Only 3,454 megabytes. Dude, where's my 4 gigabytes of RAM?

*The Explanation*
To address 4GB of memory you need 32 bits of address bus. (Assuming individual bytes are addressable.) This gives us a problem - the same problem that IBM faced when designing the original PC. You tend to want to have more than just memory in a computer - you need things like graphics cards and hard disks to be accessible to the computer in order for it to be able to use them. So just as the original PC had to carve up the 8086's 1MB addressing range into memory (640K) and 'other' (384K), the same problem exists today if you want to fit memory and devices into a 32-bit address range: not all of the available 4GB of address space can be given over to memory. 

For a long time this wasn't a problem, because there was a whole 4GB of address space, so devices typically lurk up in the top 1GB of physical address space, leaving the bottom 3GB for memory.
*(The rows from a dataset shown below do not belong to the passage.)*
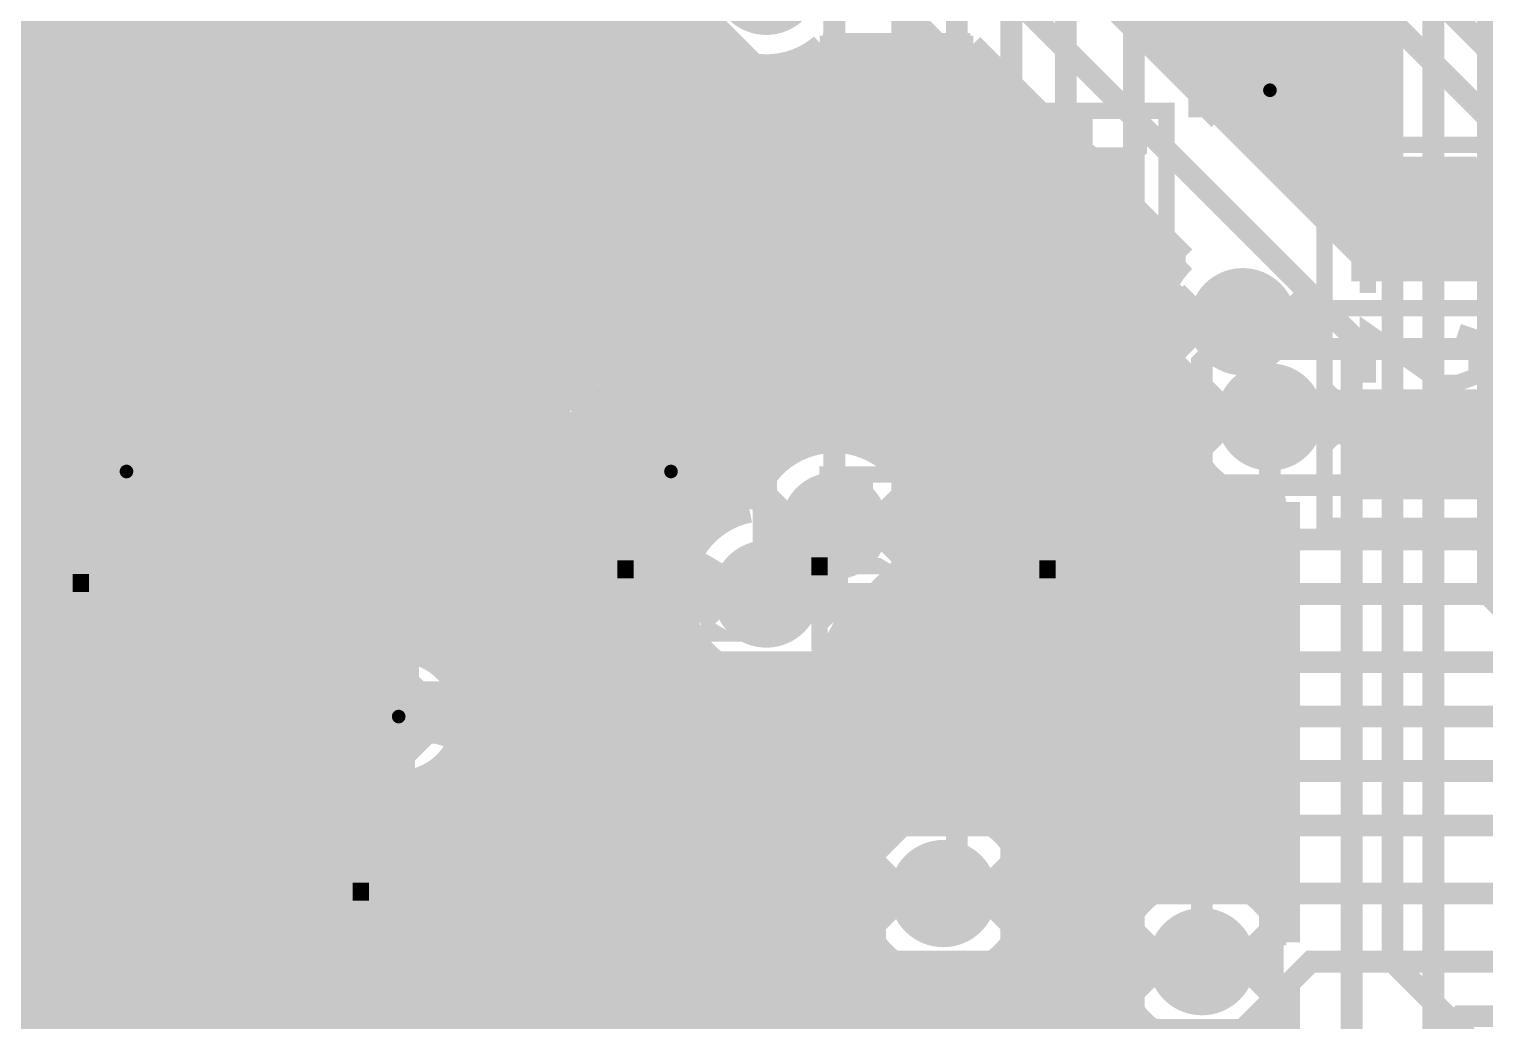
# Model space of a CAD drawing. Extents: x -10 to 131, y -93 to 209.
# Drawn here: x 51.8 to 65.38, y 0.59 to 9.84 of the extents above; entities that cross this region are included whole.
import ezdxf

# ---------------------------------------------------------------- set-up
doc = ezdxf.new("R2010")
doc.units = 0
doc.header["$MEASUREMENT"] = 0
doc.layers.get('0').update_dxf_attribs({"linetype": 'CONTINUOUS'})
for name, color, linetype in [('22-303-0_AST', 7, 'CONTINUOUS'), ('22-303-0_BOT', 2, 'CONTINUOUS'), ('22-303-0_DRD', 6, 'CONTINUOUS'), ('22-303-0_DRL', 1, 'CONTINUOUS'), ('22-303-0_GND', 3, 'CONTINUOUS'), ('22-303-0_IN1', 10, 'CONTINUOUS'), ('22-303-0_SMT', 9, 'CONTINUOUS'), ('22-303-0_SPT', 11, 'CONTINUOUS'), ('22-303-0_SST', 8, 'CONTINUOUS'), ('22-303-0_TOP', 15, 'CONTINUOUS'), ('THRUHOLE_TAP', 2, 'CONTINUOUS')]:
    doc.layers.add(name, color=color, linetype=linetype)

# ---------------------------------------------------------------- blocks, each defined once
blk = doc.blocks.new('ROUND_70')
at = {"const_width": 0.29972}
blk.add_lwpolyline([(-0.14986, 0, 1), (0.14986, 0, 1)], format="xyb", close=True, dxfattribs=at)
blk = doc.blocks.new('ROUND_116')
at = {"const_width": 0.10033}
blk.add_lwpolyline([(-0.050164, 0, 1), (0.050164, 0, 1)], format="xyb", close=True, dxfattribs=at)
blk = doc.blocks.new('ROUND_117')
at = {"const_width": 0.10033}
blk.add_lwpolyline([(-0.050164, 0, 1), (0.050164, 0, 1)], format="xyb", close=True, dxfattribs=at)
blk = doc.blocks.new('ROUND_98')
at = {"const_width": 0.50038}
blk.add_lwpolyline([(-0.25019, 0, 1), (0.25019, 0, 1)], format="xyb", close=True, dxfattribs=at)
blk = doc.blocks.new('ROUND_100')
at = {"const_width": 0.50038}
blk.add_lwpolyline([(-0.25019, 0, 1), (0.25019, 0, 1)], format="xyb", close=True, dxfattribs=at)
blk = doc.blocks.new('ROUND_101')
at = {"const_width": 0.0635}
blk.add_lwpolyline([(-0.03175, 0, 1), (0.03175, 0, 1)], format="xyb", close=True, dxfattribs=at)
blk = doc.blocks.new('RECTANGLE_3')
blk.add_solid([(0.4826, 0.4064), (0.4826, -0.4064), (-0.4826, 0.4064), (-0.4826, -0.4064)])
blk = doc.blocks.new('RECTANGLE_6')
blk.add_solid([(0.63627, 0.51308), (0.63627, -0.51308), (-0.63627, 0.51308), (-0.63627, -0.51308)])
blk = doc.blocks.new('RECTANGLE_8')
blk.add_solid([(0.9017, 0.508), (0.9017, -0.508), (-0.9017, 0.508), (-0.9017, -0.508)])
blk = doc.blocks.new('ROUND_108')
at = {"const_width": 0.10033}
blk.add_lwpolyline([(-0.050164, 0, 1), (0.050164, 0, 1)], format="xyb", close=True, dxfattribs=at)

msp = doc.modelspace()

# ---------------------------------------------------------------- linework, layer by layer
at = {"layer": '22-303-0_AST', "const_width": 0.1524}
for points in [[(51.8795, 9.0805), (51.8795, 6.1595), (53.5178, 6.1595), (53.5178, 9.0805), (51.8795, 9.0805)], [(52.2859, 8.60552), (52.11826, 8.66394), (52.11826, 9.01954), (52.2859, 9.07796), (52.96408, 9.07796), (53.13426, 9.01954), (53.13426, 8.66394), (52.96408, 8.60552)], [(56.9595, 9.0805), (56.9595, 6.1595), (58.5978, 6.1595), (58.5978, 9.0805), (56.9595, 9.0805)], [(57.3659, 8.60552), (57.19826, 8.66394), (57.19826, 9.01954), (57.3659, 9.07796), (58.04408, 9.07796), (58.21426, 9.01954), (58.21426, 8.66394), (58.04408, 8.60552)], [(60.5155, 6.1595), (60.5155, 9.0805), (58.8772, 9.0805), (58.8772, 6.1595), (60.5155, 6.1595)], [(59.72556, 9.09066), (59.72556, 8.73506), (59.89574, 8.61568), (60.06592, 8.61568), (60.23356, 8.73506), (60.23356, 9.09066), (59.21756, 9.09066)], [(60.7695, 9.0805), (60.7695, 6.1595), (62.4078, 6.1595), (62.4078, 9.0805), (60.7695, 9.0805)], [(61.64326, 9.07796), (61.64326, 8.72236), (61.8109, 8.60552), (61.98108, 8.60552), (62.15126, 8.72236), (62.15126, 9.07796), (61.13526, 9.07796)], [(53.848, 9.017), (53.848, 3.683), (56.642, 3.683), (56.642, 9.017), (53.848, 9.017)], [(59.72556, 8.79348), (59.21756, 8.61568)], [(61.64326, 8.78332), (61.13526, 8.60552)], [(64.135, 8.763), (65.405, 8.763), (65.659, 8.509), (65.659, 5.207), (63.881, 5.207), (63.881, 8.509), (64.135, 8.763)], [(64.28486, 8.636), (64.28486, 8.2804), (64.62268, 8.16102), (64.96304, 8.16102), (65.30086, 8.2804), (65.30086, 8.636)], [(64.28486, 8.57504), (65.30086, 8.57504)], [(52.11826, 7.88416), (52.11826, 8.12292)], [(52.11826, 8.00354), (53.13426, 8.00354), (52.96408, 8.12292)], [(57.19826, 7.88416), (57.19826, 8.12292)], [(57.19826, 8.00354), (58.21426, 8.00354), (58.04408, 8.12292)], [(59.21756, 7.89686), (59.21756, 8.13308)], [(59.21756, 8.0137), (60.23356, 8.0137), (60.06592, 8.13308)], [(61.13526, 7.88416), (61.13526, 8.12292)], [(61.13526, 8.00354), (62.15126, 8.00354), (61.98108, 8.12292)], [(54.85384, 7.33298), (54.68366, 7.3914), (54.68366, 7.747), (54.85384, 7.80796), (55.52948, 7.80796), (55.69966, 7.747), (55.69966, 7.3914), (55.52948, 7.33298)], [(64.28486, 7.38124), (64.28486, 7.7978), (65.30086, 7.7978)], [(59.72556, 7.11708), (59.89574, 7.05866), (60.06592, 7.05866), (60.23356, 7.11708), (60.23356, 7.47268), (60.06592, 7.5311), (59.89574, 7.5311), (59.72556, 7.47268), (59.72556, 7.11708), (59.55792, 7.05866), (59.38774, 7.05866), (59.21756, 7.11708), (59.21756, 7.47268), (59.38774, 7.5311), (59.55792, 7.5311), (59.72556, 7.47268)], [(52.11826, 7.16534), (52.11826, 7.40156)], [(52.11826, 7.28472), (53.13426, 7.28472), (52.96408, 7.40156)], [(57.19826, 7.16534), (57.19826, 7.40156)], [(57.19826, 7.28472), (58.21426, 7.28472), (58.04408, 7.40156)], [(61.64326, 7.10692), (61.8109, 7.04596), (61.98108, 7.04596), (62.15126, 7.10692), (62.15126, 7.46252), (61.98108, 7.52094), (61.8109, 7.52094), (61.64326, 7.46252), (61.64326, 7.10692), (61.47308, 7.04596), (61.3029, 7.04596), (61.13526, 7.10692), (61.13526, 7.46252), (61.3029, 7.52094), (61.47308, 7.52094), (61.64326, 7.46252)], [(63.881, 7.239), (65.659, 7.239)], [(64.28486, 6.54304), (64.28486, 7.01802), (64.96304, 6.54304), (65.13068, 6.54304), (65.30086, 6.604), (65.30086, 6.9596), (65.13068, 7.01802)], [(54.68366, 6.61416), (54.68366, 6.85038)], [(54.68366, 6.731), (55.69966, 6.731), (55.52948, 6.85038)], [(52.62626, 6.38556), (52.7939, 6.32714), (52.96408, 6.32714), (53.13426, 6.38556), (53.13426, 6.74116), (52.96408, 6.80212), (52.7939, 6.80212), (52.62626, 6.74116), (52.62626, 6.38556), (52.45608, 6.32714), (52.2859, 6.32714), (52.11826, 6.38556), (52.11826, 6.74116), (52.2859, 6.80212), (52.45608, 6.80212), (52.62626, 6.74116)], [(57.3659, 6.80212), (57.19826, 6.74116), (57.19826, 6.38556), (57.3659, 6.32714), (57.70626, 6.32714), (57.8739, 6.44652), (57.8739, 6.80212), (58.21426, 6.80212), (58.21426, 6.32714)], [(59.21756, 6.5151), (59.38774, 6.63448), (59.55792, 6.6929), (59.89574, 6.6929), (60.06592, 6.63448), (60.23356, 6.5151), (60.23356, 6.39826), (60.06592, 6.27888), (59.89574, 6.22046), (59.55792, 6.22046), (59.38774, 6.27888), (59.21756, 6.39826), (59.21756, 6.5151)], [(61.3029, 6.68274), (61.13526, 6.56336), (61.13526, 6.32714), (61.3029, 6.20776), (61.47308, 6.20776), (61.8109, 6.44652), (62.15126, 6.20776), (62.15126, 6.68274)], [(54.68366, 5.8928), (54.68366, 6.13156)], [(54.68366, 6.01218), (55.69966, 6.01218), (55.52948, 6.13156)], [(64.28486, 5.82422), (64.28486, 6.06044)], [(64.28486, 5.9436), (65.30086, 5.9436), (65.13068, 6.06044)], [(54.68366, 5.4102), (55.69966, 5.0546), (55.69966, 5.52958)]]:
    msp.add_lwpolyline(points, dxfattribs=at)
at = {"layer": '22-303-0_BOT'}
for points, const_width in [([(63.8302, 21.4884), (63.8302, 8.15086)], 0.254), ([(64.0588, 21.4884), (64.0588, 7.92226)], 0.254), ([(64.897, -8.636), (64.897, 19.05), (65.151, 19.304)], 0.2032), ([(64.2874, 19.05), (64.2874, 7.69366)], 0.254), ([(55.88, -0.508), (55.88, 4.191), (55.372, 4.699), (55.372, 17.526), (55.626, 17.78)], 0.2032), ([(52.6288, 16.1036), (52.6288, -13.13942)], 0.254), ([(52.8574, 15.875), (52.8574, -13.0175)], 0.254), ([(53.086, 15.6464), (53.086, -12.96162)], 0.254), ([(53.3146, 15.4178), (53.3146, -12.95908)], 0.254), ([(56.515, 14.27226), (56.515, 7.66572)], 0.254), ([(55.9816, 14.19352), (55.9816, 7.46506)], 0.254), ([(56.0578, 14.18082), (56.0578, 7.52348)], 0.254), ([(56.2864, 14.19352), (56.2864, 7.6327)], 0.254), ([(56.7436, 13.53566), (56.7436, 7.6327)], 0.254), ([(56.9722, 13.1318), (56.9722, 7.52348)], 0.254), ([(57.2008, 12.9794), (57.2008, 7.28472)], 0.254), ([(57.4294, 12.91336), (57.4294, -15.65656)], 0.254), ([(57.658, 12.91844), (57.658, -15.58544)], 0.254), ([(54.229, 10.668), (54.229, -2.54)], 0.2032), ([(61.2648, 10.7188), (64.2874, 7.69366)], 0.254), ([(62.23, 10.65276), (62.23, 9.75106)], 0.254), ([(63.6016, 10.39114), (63.6016, 8.37946)], 0.254), ([(53.5432, 10.24128), (53.5432, -2.11328)], 0.254), ([(66.294, -20.32), (64.135, -18.161), (64.135, 6.985), (60.833, 10.287), (58.674, 10.287)], 0.2032), ([(62.4586, 10.31494), (62.4586, 9.52246)], 0.254), ([(63.373, 10.20826), (63.373, 8.60806)], 0.254), ([(52.4002, 10.15746), (52.4002, -13.3604)], 0.254), ([(53.6194, 10.13714), (53.6194, -2.00914)], 0.254), ([(57.8866, 10.10666), (57.8866, 4.75234)], 0.254), ([(62.6872, 10.1727), (62.6872, 9.29386)], 0.254), ([(62.9158, 10.11682), (62.9158, 9.06526)], 0.254), ([(63.1444, 10.12952), (63.1444, 8.83666)], 0.254), ([(52.0446, 9.81456), (52.0446, -18.161)], 0.254), ([(53.6194, 9.8806), (52.15382, 9.8806)], 0.254), ([(52.1716, 9.8933), (52.1716, -16.07566)], 0.254), ([(57.9755, 9.8806), (55.9816, 9.8806)], 0.254), ([(64.2874, 9.8806), (62.10046, 9.8806)], 0.254), ([(53.6194, 9.652), (52.0446, 9.652)], 0.254), ([(58.17362, 9.652), (55.9816, 9.652)], 0.254), ([(58.1152, 9.7028), (58.1152, 5.15366)], 0.254), ([(60.6044, 9.652), (59.17184, 9.652)], 0.254), ([(60.579, 9.6774), (59.20232, 9.6774)], 0.254), ([(59.2582, 9.6774), (59.2582, 6.01218)], 0.254), ([(59.4868, 9.6774), (59.4868, 5.9944)], 0.254), ([(59.7154, 9.6774), (59.7154, 5.9055)], 0.254), ([(59.944, 9.6774), (59.944, 5.70484)], 0.254), ([(60.1726, 9.6774), (60.1726, 2.57048)], 0.254), ([(60.4012, 9.6774), (60.4012, 2.58064)], 0.254), ([(60.579, 9.6774), (62.5602, 7.6962)], 0.254), ([(64.2874, 9.652), (62.32906, 9.652)], 0.254), ([(58.3438, 9.5504), (58.3438, 5.3086)], 0.254), ([(59.0296, 9.56056), (59.0296, 5.96392)], 0.254), ([(60.6298, 9.6266), (60.6298, 2.52476)], 0.254), ([(53.6194, 9.4234), (52.0446, 9.4234)], 0.254), ([(60.833, 9.4234), (55.9816, 9.4234)], 0.254), ([(58.5724, 9.48436), (58.5724, 5.5372)], 0.254), ([(58.801, 9.48944), (58.801, 5.83438)], 0.254), ([(60.8584, 9.398), (60.8584, 2.38506)], 0.254), ([(64.2874, 9.4234), (62.55766, 9.4234)], 0.254), ([(53.6194, 9.1948), (52.0446, 9.1948)], 0.254), ([(61.0616, 9.1948), (55.9816, 9.1948)], 0.254), ([(61.087, 9.1694), (61.087, 2.0447)], 0.254), ([(64.2874, 9.1948), (62.78626, 9.1948)], 0.254), ([(53.6194, 8.9662), (52.0446, 8.9662)], 0.254), ([(61.2902, 8.9662), (55.9816, 8.9662)], 0.254), ([(61.3156, 8.9408), (61.3156, -1.59766)], 0.254), ([(64.2874, 8.9662), (63.01486, 8.9662)], 0.254), ([(53.6194, 8.7376), (52.0446, 8.7376)], 0.254), ([(61.5188, 8.7376), (55.9816, 8.7376)], 0.254), ([(61.5442, 8.7122), (61.5442, -1.1938)], 0.254), ([(64.2874, 8.7376), (63.24346, 8.7376)], 0.254), ([(53.6194, 8.509), (52.0446, 8.509)], 0.254), ([(61.7474, 8.509), (55.9816, 8.509)], 0.254), ([(61.7728, 8.4836), (61.7728, -1.0414)], 0.254), ([(64.2874, 8.509), (63.47206, 8.509)], 0.254), ([(53.6194, 8.2804), (52.0446, 8.2804)], 0.254), ([(61.976, 8.2804), (55.9816, 8.2804)], 0.254), ([(62.0014, 8.255), (62.0014, 1.4732)], 0.254), ([(64.2874, 8.2804), (63.70066, 8.2804)], 0.254), ([(53.6194, 8.0518), (52.0446, 8.0518)], 0.254), ([(62.2046, 8.0518), (55.9816, 8.0518)], 0.254), ([(62.23, 8.0264), (62.23, 1.77038)], 0.254), ([(64.2874, 8.0518), (63.92926, 8.0518)], 0.254), ([(53.6194, 7.8232), (52.0446, 7.8232)], 0.254), ([(62.4332, 7.8232), (55.9816, 7.8232)], 0.254), ([(62.4586, 7.7978), (62.4586, 7.57682)], 0.254), ([(64.2874, 7.8232), (64.15786, 7.8232)], 0.254), ([(53.6194, 7.5946), (52.0446, 7.5946)], 0.254), ([(56.18226, 7.5946), (55.9816, 7.5946)], 0.254), ([(62.4713, 7.5946), (56.8452, 7.5946)], 0.254), ([(53.6194, 7.366), (52.0446, 7.366)], 0.254), ([(62.35192, 7.366), (57.14238, 7.366)], 0.254), ([(53.6194, 7.1374), (52.0446, 7.1374)], 0.254), ([(62.31128, 7.1374), (57.27192, 7.1374)], 0.254), ([(53.6194, 6.9088), (52.0446, 6.9088)], 0.254), ([(62.33668, 6.9088), (57.32018, 6.9088)], 0.254), ([(53.6194, 6.6802), (52.0446, 6.6802)], 0.254), ([(62.43574, 6.6802), (57.3024, 6.6802)], 0.254), ([(62.4586, 6.64718), (62.4586, 1.89992)], 0.254), ([(53.6194, 6.4516), (52.0446, 6.4516)], 0.254), ([(57.2008, 6.43128), (57.2008, -15.8242)], 0.254), ([(62.5983, 6.4516), (57.2135, 6.4516)], 0.254), ([(53.6194, 6.223), (52.0446, 6.223)], 0.254), ([(55.9816, 6.25094), (55.9816, 4.95046)], 0.254), ([(56.01462, 6.223), (55.9816, 6.223)], 0.254), ([(56.0578, 6.19252), (56.0578, 4.87426)], 0.254), ([(56.9722, 6.19252), (56.9722, -16.27886)], 0.254), ([(62.56528, 6.223), (57.01284, 6.223)], 0.254), ([(53.6194, 5.9944), (52.0446, 5.9944)], 0.254), ([(59.12866, 5.9944), (55.9816, 5.9944)], 0.254), ([(56.2864, 6.0833), (56.2864, 4.64566)], 0.254), ([(56.515, 6.05028), (56.515, -0.00762)], 0.254), ([(56.7436, 6.0833), (56.7436, -16.0528)], 0.254), ([(62.5983, 5.9944), (59.48934, 5.9944)], 0.254), ([(53.6194, 5.7658), (52.0446, 5.7658)], 0.254), ([(58.7248, 5.7658), (55.9816, 5.7658)], 0.254), ([(62.70752, 5.7658), (59.89066, 5.7658)], 0.254), ([(62.6872, 5.79628), (62.6872, 1.94818)], 0.254), ([(53.6194, 5.5372), (52.0446, 5.5372)], 0.254), ([(58.5724, 5.5372), (55.9816, 5.5372)], 0.254), ([(62.94628, 5.5372), (60.0456, 5.5372)], 0.254), ([(62.9158, 5.55752), (62.9158, 1.9304)], 0.254), ([(63.1444, 5.4483), (63.1444, 1.8415)], 0.254), ([(53.6194, 5.3086), (52.0446, 5.3086)], 0.254), ([(58.34126, 5.3086), (55.9816, 5.3086)], 0.254), ([(63.5254, 5.3086), (60.1091, 5.3086)], 0.254), ([(63.373, 5.41528), (63.373, 1.64084)], 0.254), ([(63.5254, 5.43052), (63.5254, 1.32334)], 0.254), ([(53.6194, 5.08), (52.0446, 5.08)], 0.254), ([(58.04662, 5.08), (55.9816, 5.08)], 0.254), ([(63.5254, 5.08), (60.10656, 5.08)], 0.254), ([(55.9816, 4.95046), (56.30418, 4.62788)], 0.254), ([(53.6194, 4.8514), (52.0446, 4.8514)], 0.254), ([(57.91454, 4.8514), (56.08066, 4.8514)], 0.254), ([(63.5254, 4.8514), (60.0329, 4.8514)], 0.254), ([(59.944, 4.70662), (59.944, 2.4892)], 0.254), ([(53.6194, 4.6228), (52.0446, 4.6228)], 0.254), ([(57.86628, 4.6228), (56.30926, 4.6228)], 0.254), ([(59.7154, 4.5085), (59.7154, 2.30632)], 0.254), ([(63.5254, 4.6228), (59.86526, 4.6228)], 0.254), ([(53.6194, 4.3942), (52.0446, 4.3942)], 0.254), ([(54.8386, 4.40436), (54.8386, -2.00914)], 0.254), ([(57.8866, 4.3942), (56.45404, 4.3942)], 0.254), ([(57.8866, 4.39166), (57.8866, -15.58036)], 0.254), ([(63.5254, 4.3942), (59.4614, 4.3942)], 0.254), ([(59.4868, 4.4196), (59.4868, -3.91668)], 0.254), ([(54.9148, 4.29514), (54.9148, -2.11328)], 0.254), ([(54.9402, 4.2672), (55.2704, 3.937)], 0.254), ([(53.6194, 4.1656), (52.0446, 4.1656)], 0.254), ([(55.0418, 4.1656), (54.8386, 4.1656)], 0.254), ([(56.4896, 4.191), (56.4896, 0.02032)], 0.254), ([(57.9755, 4.1656), (56.4896, 4.1656)], 0.254), ([(63.5254, 4.1656), (59.3725, 4.1656)], 0.254), ([(55.1434, 4.064), (55.1434, -0.17526)], 0.254), ([(58.1152, 3.9878), (58.1152, -15.6464)], 0.254), ([(59.2582, 4.0132), (59.2582, -4.01574)], 0.254), ([(53.6194, 3.937), (52.0446, 3.937)], 0.254), ([(55.2704, 3.937), (54.8386, 3.937)], 0.254), ([(55.2704, 3.937), (55.2704, 0.02032)], 0.254), ([(58.17362, 3.937), (56.4896, 3.937)], 0.254), ([(58.3438, 3.8354), (58.3438, -6.6802)], 0.254), ([(59.0296, 3.84556), (59.0296, -4.23418)], 0.254), ([(63.5254, 3.937), (59.17184, 3.937)], 0.254), ([(53.6194, 3.7084), (52.0446, 3.7084)], 0.254), ([(55.2704, 3.7084), (54.8386, 3.7084)], 0.254), ([(63.5254, 3.7084), (56.4896, 3.7084)], 0.254), ([(58.5724, 3.76936), (58.5724, -6.51256)], 0.254), ([(58.801, 3.77444), (58.801, -6.44144)], 0.254), ([(53.6194, 3.4798), (52.0446, 3.4798)], 0.254), ([(55.2704, 3.4798), (54.8386, 3.4798)], 0.254), ([(63.5254, 3.4798), (56.4896, 3.4798)], 0.254), ([(53.6194, 3.2512), (52.0446, 3.2512)], 0.254), ([(55.2704, 3.2512), (54.8386, 3.2512)], 0.254), ([(63.5254, 3.2512), (56.4896, 3.2512)], 0.254), ([(53.6194, 3.0226), (52.0446, 3.0226)], 0.254), ([(55.2704, 3.0226), (54.8386, 3.0226)], 0.254), ([(63.5254, 3.0226), (56.4896, 3.0226)], 0.254), ([(53.6194, 2.794), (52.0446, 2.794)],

And 3GB should be enough for anyone, right? 

So what actually happens if you go out and buy 4GB of memory for your PC? Well, it's just like the DOS days - there's a hole in your memory map for the IO. (Now it's only 25% of the total address space, but it's still a big hole.) So the bottom 3GB of your memory will be available, but there's an issue with that last 1GB.

*Moral of the Story:* If you're planning to stick with a 32-bit operating system for the next few years, don't waste your money on 4 GB of RAM. You won't be able to use it all. Buy 3 GB instead.

Read more at the Source


----------



## iMav (Mar 9, 2007)

nice info ... but does this mean that only 3 gb will be used by the entire pc ... as in i have seen pcs having 256 mb ram but shoing lesser as available to the user so can that be the case in here also ... can the remianing 1 gb be shared for other resources like the grafix card???


----------



## rakeshishere (Mar 9, 2007)

Nice Piece of Info


----------



## uchiha.sasuke (Mar 9, 2007)

great info.....


----------



## NucleusKore (Mar 9, 2007)

Nice info, reps 4 u


----------



## ayushsobti (Mar 10, 2007)

i've got an AMD Athlon 64 3200+ which is obviously a 64-bit processor but i use the ordinary 32-bit ver of Windows XP. can i use 4gb ram?


----------



## gxsaurav (Mar 10, 2007)

> i've got an AMD Athlon 64 3200+ which is obviously a 64-bit processor but i use the ordinary 32-bit ver of Windows XP. can i use 4gb ram?



Yes, but the OS will not address anything over 4 GB. U need a 64 bit OS for that. 

Some CAD applications require a switch to use anything over 1.5GB, such as 3Ds Max & Maya.


----------



## shantanu (Mar 10, 2007)

as 64 bit OS supports MAX ram in Tera BYTES


----------



## Ch@0s (Mar 10, 2007)

Just map the I/O to addresses over the 4GB limit. There should be an option in the bios (memory hole/large memory whatever is called). Any 32bit OS with PAE should easily be able to address 4GB and beyond. However because of limitations of 32bit windows, an app will be limited to max of 3GB of memory. (2GB unless you use the /3GB switch in boot.ini)


----------



## teknoPhobia (Mar 10, 2007)

shantanu_webmaster said:
			
		

> as 64 bit OS supports MAX ram in TETRA BYTES



IS that something like when you take bites out of tetra packs? 

FYI Its TERA not TETRA


----------



## djmykey (Mar 12, 2007)

Ok in my office I gave a pentium d machine installed with 64 bit windows 2003 enterprise edition. But still it showed 3454 MB of RAM and in the BIOS it shows 4096 mb of ram. Any explaination that you can give ??


----------



## blackpearl (Mar 12, 2007)

^^ Thats strange!! Maybe you should visit the source link I gave and go through the comments the readers posted. Readers have described different types of experiences and there are also some links from microsoft.com that addresses the issue. Maybe that would help you.


----------



## aneesh kalra (Mar 23, 2007)

See this and check whether the folowing requirements are met in order to use the 64 bit mode 
*www.intel.com/cd/channel/reseller/asmo-na/eng/203142.htm


----------



## sanju (Mar 23, 2007)

nice info ...
thanx


----------